Well, our sophisticated implementation didn’t exactly kick butt in terms of time on the smaller instances. Let’s look at 25x25 sudokus next. Here, the less sophisticated variants start getting rather slow, so to keep things simple I’m capping their runtime at 10 minutes. The timeouts aren’t too frequent yet:

  • Basic: 6/500 runs timed out.
  • Binary: 19/500 runs timed out.
  • Sparse: 4/500 runs timed out.

Looking at steps taken, as before, we can see that bipartite implementation is far smarter and takes way fewer steps than others. Pigeonhole is second best, as before. This isn’t too surprising, but perhaps what is interesting is how quickly the simpler implementations start to degrade.

Looking at the runtime reinforces that story - the less sophisticated implementations complete about an order of magnitude faster when they’re “lucky”, but many orders of magnitude slower when they are not (say, at 95 percentile). So, while on average a couple of these implementations are competitive, on occasion we can hit particularly bad runs that take many minutes to complete… and binary, the simplest of them all, clearly is struggling to keep up.

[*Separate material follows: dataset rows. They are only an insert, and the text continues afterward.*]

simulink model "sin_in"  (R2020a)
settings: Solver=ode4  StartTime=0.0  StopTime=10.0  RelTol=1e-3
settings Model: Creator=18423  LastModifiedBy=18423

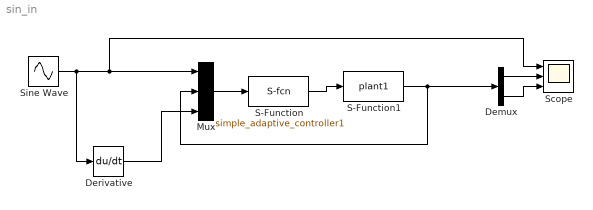
== system sin_in ==
  Demux : Demux  Outputs=2
  Derivative : Derivative
  Mux : Mux  Inputs=3
  S-Function : S-Function  FunctionName=simple_adaptive_controller1  SFunctionDeploymentMode=off  EnableBusSupport=off
  S-Function1 : S-Function  FunctionName=plant1  SFunctionDeploymentMode=off  EnableBusSupport=off
  Scope : Scope  NumInputPorts=3
  Sine Wave : Sin  SampleTime=0
  wires:
  Sine Wave/1 -> Scope/1, Mux/1, Derivative/1
  Derivative/1 -> Mux/3
  Mux/1 -> S-Function/1
  S-Function/1 -> S-Function1/1
  S-Function1/1 -> Demux/1, Mux/2
  Demux/2 -> Scope/3
  Demux/1 -> Scope/2
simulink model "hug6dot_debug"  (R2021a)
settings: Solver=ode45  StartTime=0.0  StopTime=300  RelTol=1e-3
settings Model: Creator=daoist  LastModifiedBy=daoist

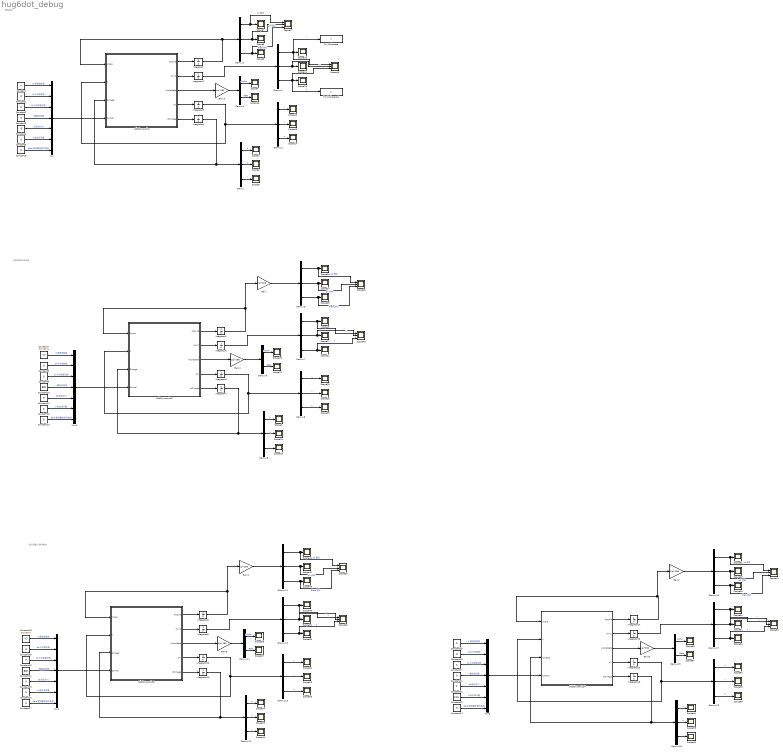
== system hug6dot_debug ==
  note: 验证忽略小项的影响
  note: 各种调试的实验场
  note: 原始版本
  6dotDynamics : Subsystem
  6dotDynamics2 : Subsystem
  6dotDynamics3 : Subsystem
  6dotDynamics4 : Subsystem
  Constant{,1..3,5..6,8..9,11..13,15..17,19..21,24..27} (21 alike) : Constant  Value=0
  Constant10 : Constant  Value=800
  Constant14 : Constant  Value=800
  Constant18 : Constant  Value=35/180*pi
  Constant22 : Constant  Value=2
  Constant23 : Constant  Value=0.01
  Constant4 : Constant  Value=-5
  Constant7 : Constant  Value=35/180*pi
  Demux{,1..3,5..8,10..13,15..18} (16 alike) : Demux  Outputs=3
  Demux{4,9,14,19} (4 alike) : Demux  Outputs=2
  Gain{,1..6} (7 alike) : Gain  Gain=1/pi*180
  Integrator{,1..2,4..5,7..9,11,13..15} (12 alike) : Integrator
  Integrator10 : Integrator  InitialCondition=[0.01 0 0]
  Integrator12 : Integrator  InitialCondition=[0.01 0 0]  UpperSaturationLimit=[inf 0.05 inf]  LowerSaturationLimit=-[inf 0.05 inf]
  Integrator3 : Integrator  InitialCondition=[0.01 0 0]
  Integrator6 : Integrator  InitialCondition=[0.01 0 0]
  Mux{,1..3} (4 alike) : Mux  Inputs=7
  Scope{1..28,31..43,45,51..64} (56 alike) : Scope
  Scope{29..30,44,46..50} (8 alike) : Scope  NumInputPorts=3
  To Workspace : ToWorkspace  VariableName=x  SampleTime=-1
  To Workspace1 : ToWorkspace  VariableName=z  SampleTime=-1
  wires:
  6dotDynamics/1(dAgnle) -> Integrator/1
  6dotDynamics/2(dXYZ) -> Integrator1/1
  6dotDynamics/4(dV) -> Integrator3/1
  6dotDynamics/5(dOmega) -> Integrator4/1
  Integrator4/1 -> 6dotDynamics/3(Omega), Demux/1
  Demux/1 -> Scope1/1  "p"
  Demux1/1 -> Scope47/1, Scope7/1  "psi横滚"
  Demux1/3 -> Scope47/3, Scope9/1  "theta俯仰"
  Integrator/1 -> Demux1/1, 6dotDynamics/1(Angle)
  Demux1/2 -> Scope47/2, Scope8/1  "phi回转"
  Demux3/1 -> Scope12/1  "u"
  Demux3/3 -> Scope14/1  "w"
  Integrator3/1 -> Demux3/1, 6dotDynamics/2(V)
  Demux3/2 -> Scope13/1  "v"
  Demux2/3 -> Scope46/3, To Workspace1/1, Scope15/1  "z"
  Demux2/1 -> Scope46/1, To Workspace/1, Scope10/1  "x"
  Demux2/2 -> Scope46/2, Scope11/1  "y"
  Integrator1/1 -> Demux2/1
  Demux/2 -> Scope5/1  "q"
  Demux/3 -> Scope6/1  "r"
  Demux4/1 -> Scope4/1  "Alpha"
  6dotDynamics/3(AlphaBeta) -> Gain3/1
  Demux4/2 -> Scope16/1  "Beta"
  Constant/1 -> Mux/1  "dr垂直舵舵角"
  Constant1/1 -> Mux/2  "de水平舵舵角"
  Constant2/1 -> Mux/3  "dd水平舵差动角"
  Constant3/1 -> Mux/4  "n螺旋桨转速"
  Constant4/1 -> Mux/5  "dB驱动浮力"
  Constant5/1 -> Mux/6  "dl姿态调节量"
  Constant6/1 -> Mux/7  "delta横滚重物调节角度"
  Mux/1 -> 6dotDynamics/4(Control)
  Mux1/1 -> 6dotDynamics2/4(Control)
  Constant13/1 -> Mux1/7  "delta横滚重物调节角度"
  Constant12/1 -> Mux1/6  "dl姿态调节量"
  Constant7/1 -> Mux1/1  "dr垂直舵舵角"
  Demux5/3 -> Scope25/1  "r"
  Demux5/2 -> Scope24/1  "q"
  Demux7/1 -> Scope49/1, Scope3/1  "x"
  6dotDynamics2/3(AlphaBeta) -> Gain4/1
  6dotDynamics2/5(dOmega) -> Integrator7/1
  Constant10/1 -> Mux1/4  "n螺旋桨转速"
  Demux7/2 -> Scope49/2, Scope17/1  "y"
  Demux9/1 -> Scope23/1  "Alpha"
  Demux7/3 -> Scope49/3, Scope21/1  "z"
  Demux9/2 -> Scope22/1  "Beta"
  Demux8/2 -> Scope19/1  "v"
  Demux6/1 -> Scope48/1, Scope26/1  "psi横滚"
  Demux6/3 -> Scope48/3, Scope28/1  "theta俯仰"
  Demux8/1 -> Scope18/1  "u"
  6dotDynamics2/1(dAgnle) -> Integrator2/1
  Demux5/1 -> Scope2/1  "p"
  Constant11/1 -> Mux1/5  "dB驱动浮力"
  Demux8/3 -> Scope20/1  "w"
  6dotDynamics2/4(dV) -> Integrator6/1
  Demux6/2 -> Scope48/2, Scope27/1  "phi回转"
  Integrator7/1 -> 6dotDynamics2/3(Omega), Demux5/1
  Constant9/1 -> Mux1/3  "dd水平舵差动角"
  Constant8/1 -> Mux1/2  "de水平舵舵角"
  Integrator6/1 -> Demux8/1, 6dotDynamics2/2(V)
  Integrator5/1 -> Demux7/1
  Integrator2/1 -> Gain/1, 6dotDynamics2/1(Angle)
  6dotDynamics2/2(dXYZ) -> Integrator5/1
  Gain/1 -> Demux6/1
  Constant16/1 -> Mux2/6  "dl姿态调节量"
  Constant19/1 -> Mux2/2  "de水平舵舵角"
  Constant20/1 -> Mux2/3  "dd水平舵差动角"
  Demux13/1 -> Scope32/1  "u"
  Integrator11/1 -> 6dotDynamics3/3(Omega), Demux10/1
  Demux11/2 -> Scope29/2, Scope42/1  "phi回转"
  6dotDynamics3/1(dAgnle) -> Integrator8/1
  Constant15/1 -> Mux2/5  "dB驱动浮力"
  Demux11/3 -> Scope29/3, Scope43/1  "theta俯仰"
  Demux10/2 -> Scope39/1  "q"
  Demux13/3 -> Scope35/1  "w"
  Integrator8/1 -> Gain1/1, 6dotDynamics3/1(Angle)
  Demux12/2 -> Scope30/2, Scope31/1  "y"
  Constant18/1 -> Mux2/1  "dr垂直舵舵角"
  Demux13/2 -> Scope33/1  "v"
  Mux2/1 -> 6dotDynamics3/4(Control)
  Integrator9/1 -> Demux12/1
  Demux14/1 -> Scope38/1  "Alpha"
  Integrator10/1 -> Demux13/1, 6dotDynamics3/2(V)
  Demux10/1 -> Scope34/1  "p"
  6dotDynamics3/3(AlphaBeta) -> Gain5/1
  Demux12/3 -> Scope30/3, Scope36/1  "z"
  Demux11/1 -> Scope29/1, Scope41/1  "psi横滚"
  6dotDynamics3/4(dV) -> Integrator10/1
  Demux12/1 -> Scope30/1, Scope45/1  "x"
  Demux14/2 -> Scope37/1  "Beta"
  Constant14/1 -> Mux2/4  "n螺旋桨转速"
  6dotDynamics3/2(dXYZ) -> Integrator9/1
  Gain1/1 -> Demux11/1
  Demux10/3 -> Scope40/1  "r"
  Constant17/1 -> Mux2/7  "delta横滚重物调节角度"
  6dotDynamics3/5(dOmega) -> Integrator11/1
  6dotDynamics4/5(dOmega) -> Integrator13/1
  Demux17/2 -> Scope50/2, Scope51/1  "y"
  Demux19/2 -> Scope57/1  "Beta"
  Mux3/1 -> 6dotDynamics4/4(Control)
  Gain2/1 -> Demux16/1
  Constant24/1 -> Mux3/7  "delta横滚重物调节角度"
  Integrator13/1 -> 6dotDynamics4/3(Omega), Demux15/1
  6dotDynamics4/3(AlphaBeta) -> Gain6/1
  Demux18/2 -> Scope53/1  "v"
  Demux17/1 -> Scope50/1, Scope64/1  "x"
  Demux15/2 -> Scope59/1  "q"
  Constant21/1 -> Mux3/4  "n螺旋桨转速"
  Integrator15/1 -> Demux17/1
  6dotDynamics4/2(dXYZ) -> Integrator15/1
  Demux19/1 -> Scope58/1  "Alpha"
  Demux15/3 -> Scope60/1  "r"
  Integrator14/1 -> Gain2/1, 6dotDynamics4/1(Angle)
  Constant26/1 -> Mux3/2  "de水平舵舵角"
  Constant25/1 -> Mux3/1  "dr垂直舵舵角"
  6dotDynamics4/4(dV) -> Integrator12/1
  Demux15/1 -> Scope54/1  "p"
  Demux16/1 -> Scope44/1, Scope61/1  "psi横滚"
  Integrator12/1 -> Demux18/1, 6dotDynamics4/2(V)
  Constant23/1 -> Mux3/6  "dl姿态调节量"
  6dotDynamics4/1(dAgnle) -> Integrator14/1
  Constant27/1 -> Mux3/3  "dd水平舵差动角"
  Demux18/1 -> Scope52/1  "u"
  Demux18/3 -> Scope55/1  "w"
  Demux16/3 -> Scope44/3, Scope63/1  "theta俯仰"
  Demux17/3 -> Scope50/3, Scope56/1  "z"
  Constant22/1 -> Mux3/5  "dB驱动浮力"
  Demux16/2 -> Scope44/2, Scope62/1  "phi回转"
  Gain3/1 -> Demux4/1
  Gain4/1 -> Demux9/1
  Gain5/1 -> Demux14/1
  Gain6/1 -> Demux19/1

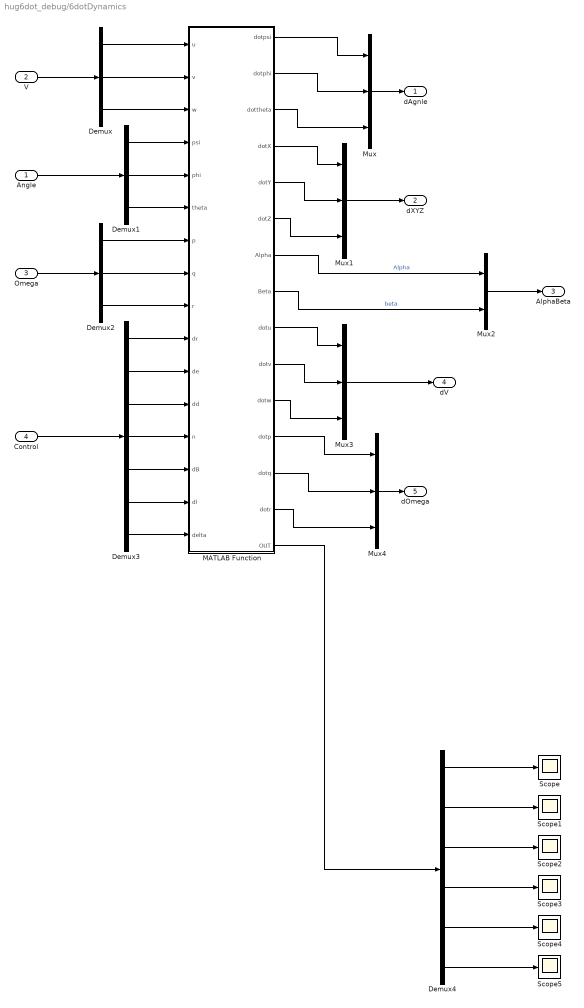
== system hug6dot_debug/6dotDynamics ==
  Angle : Inport
  V : Inport  Port=2
  Omega : Inport  Port=3
  Control : Inport  Port=4
  Demux : Demux  Outputs=3
  Demux1 : Demux  Outputs=3
  Demux2 : Demux  Outputs=3
  Demux3 : Demux  Outputs=7
  Demux4 : Demux  Outputs=6
  MATLAB Function : MATLAB Function  TreatAsAtomicUnit=on
  Mux{,1,3..4} (4 alike) : Mux  Inputs=3
  Mux2 : Mux  Inputs=2
  Scope{,1..5} (6 alike) : Scope
  dAgnle : Outport
  dXYZ : Outport  Port=2
  AlphaBeta : Outport  Port=3
  dV : Outport  Port=4
  dOmega : Outport  Port=5
  wires:
  MATLAB Function/6(dotZ) -> Mux1/3
  Mux1/1 -> dXYZ/1
  MATLAB Function/4(dotX) -> Mux1/1
  MATLAB Function/5(dotY) -> Mux1/2
  Mux/1 -> dAgnle/1
  MATLAB Function/7(Alpha) -> Mux2/1  "Alpha"
  MATLAB Function/8(Beta) -> Mux2/2  "beta"
  Mux2/1 -> AlphaBeta/1
  MATLAB Function/9(dotu) -> Mux3/1
  MATLAB Function/10(dotv) -> Mux3/2
  MATLAB Function/11(dotw) -> Mux3/3
  Mux3/1 -> dV/1
  MATLAB Function/12(dotp) -> Mux4/1
  MATLAB Function/13(dotq) -> Mux4/2
  MATLAB Function/14(dotr) -> Mux4/3
  Mux4/1 -> dOmega/1
  Demux/1 -> MATLAB Function/1(u)
  Demux/2 -> MATLAB Function/2(v)
  Demux/3 -> MATLAB Function/3(w)
  V/1 -> Demux/1
  Angle/1 -> Demux1/1
  Demux2/1 -> MATLAB Function/7(p)
  Demux2/2 -> MATLAB Function/8(q)
  Demux2/3 -> MATLAB Function/9(r)
  Omega/1 -> Demux2/1
  MATLAB Function/1(dotpsi) -> Mux/1
  MATLAB Function/2(dotphi) -> Mux/2
  MATLAB Function/3(dottheta) -> Mux/3
  Demux1/1 -> MATLAB Function/4(psi)
  Demux1/3 -> MATLAB Function/6(theta)
  Demux1/2 -> MATLAB Function/5(phi)
  Control/1 -> Demux3/1
  Demux3/1 -> MATLAB Function/10(dr)
  Demux3/2 -> MATLAB Function/11(de)
  Demux3/3 -> MATLAB Function/12(dd)
  Demux3/4 -> MATLAB Function/13(n)
  Demux3/5 -> MATLAB Function/14(dB)
  Demux3/6 -> MATLAB Function/15(dl)
  Demux3/7 -> MATLAB Function/16(delta)
  Demux4/1 -> Scope/1
  Demux4/5 -> Scope4/1
  Demux4/6 -> Scope5/1
  Demux4/4 -> Scope3/1
  Demux4/3 -> Scope2/1
  Demux4/2 -> Scope1/1
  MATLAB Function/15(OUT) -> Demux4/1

In contrast, the bipartite implementation is very steady, with basically all of the runs completing in 1.5 - 2 seconds. Pigeonhole isn’t quite as fast as bipartite, but still tends to hold up well against the simpler implementations. The runtime of the top few percentiles does get significantly worse though.

The even larger, 36x36 set of sudokus, is where we can see the that the simpler approaches start consistently timing out after 10 minutes:

  • Basic: 25/30 runs timed out.
  • Binary: 28/30 runs timed out.
  • Sparse: 24/30 runs timed out.

These make sense - based on the smaller instances we already noticed that all 3 of these tend to require many more steps, binary suffers from having too many finer-grained constraints to evaluate, basic is non-incremental, and sparse is only a slight improvement over basic. So none of them do well, binary is worse than the other two, while the incrementality of sparse over basic may be slightly helping.

Only bipartite and pigeonhole implementations remain viable, with bipartite continuing to be in the lead:

In short, bipartite is clearly starting to win, and the trend continues for larger instances, based on a handful of ad hoc experiments.

Like with many things, it comes down to trade-offs. In this case, choosing the right implementation of an all-different constraint comes down to choosing between simplicity, speed, and consistent performance. Determining which of these is more important to you can help you choose the right implementation:

  • Fast implementations are easy to understand, and can be “good enough” for smaller problems, but have unstable run times, and don’t scale well.
  • More sophisticated implementations are the opposite, they’re harder to understand and implement, don’t provide a ton of value on smaller problems, but truly shine on large problems, and have consistent performance characteristics to boot.

Lastly, it’s worth noting that more efficient algorithms for all-different constraints and sudokus are out there, and I’ve yet to experiment with them. Regin’s all-different algorithm and Knuth’s Dancing links algorithm are two examples of these, respectively.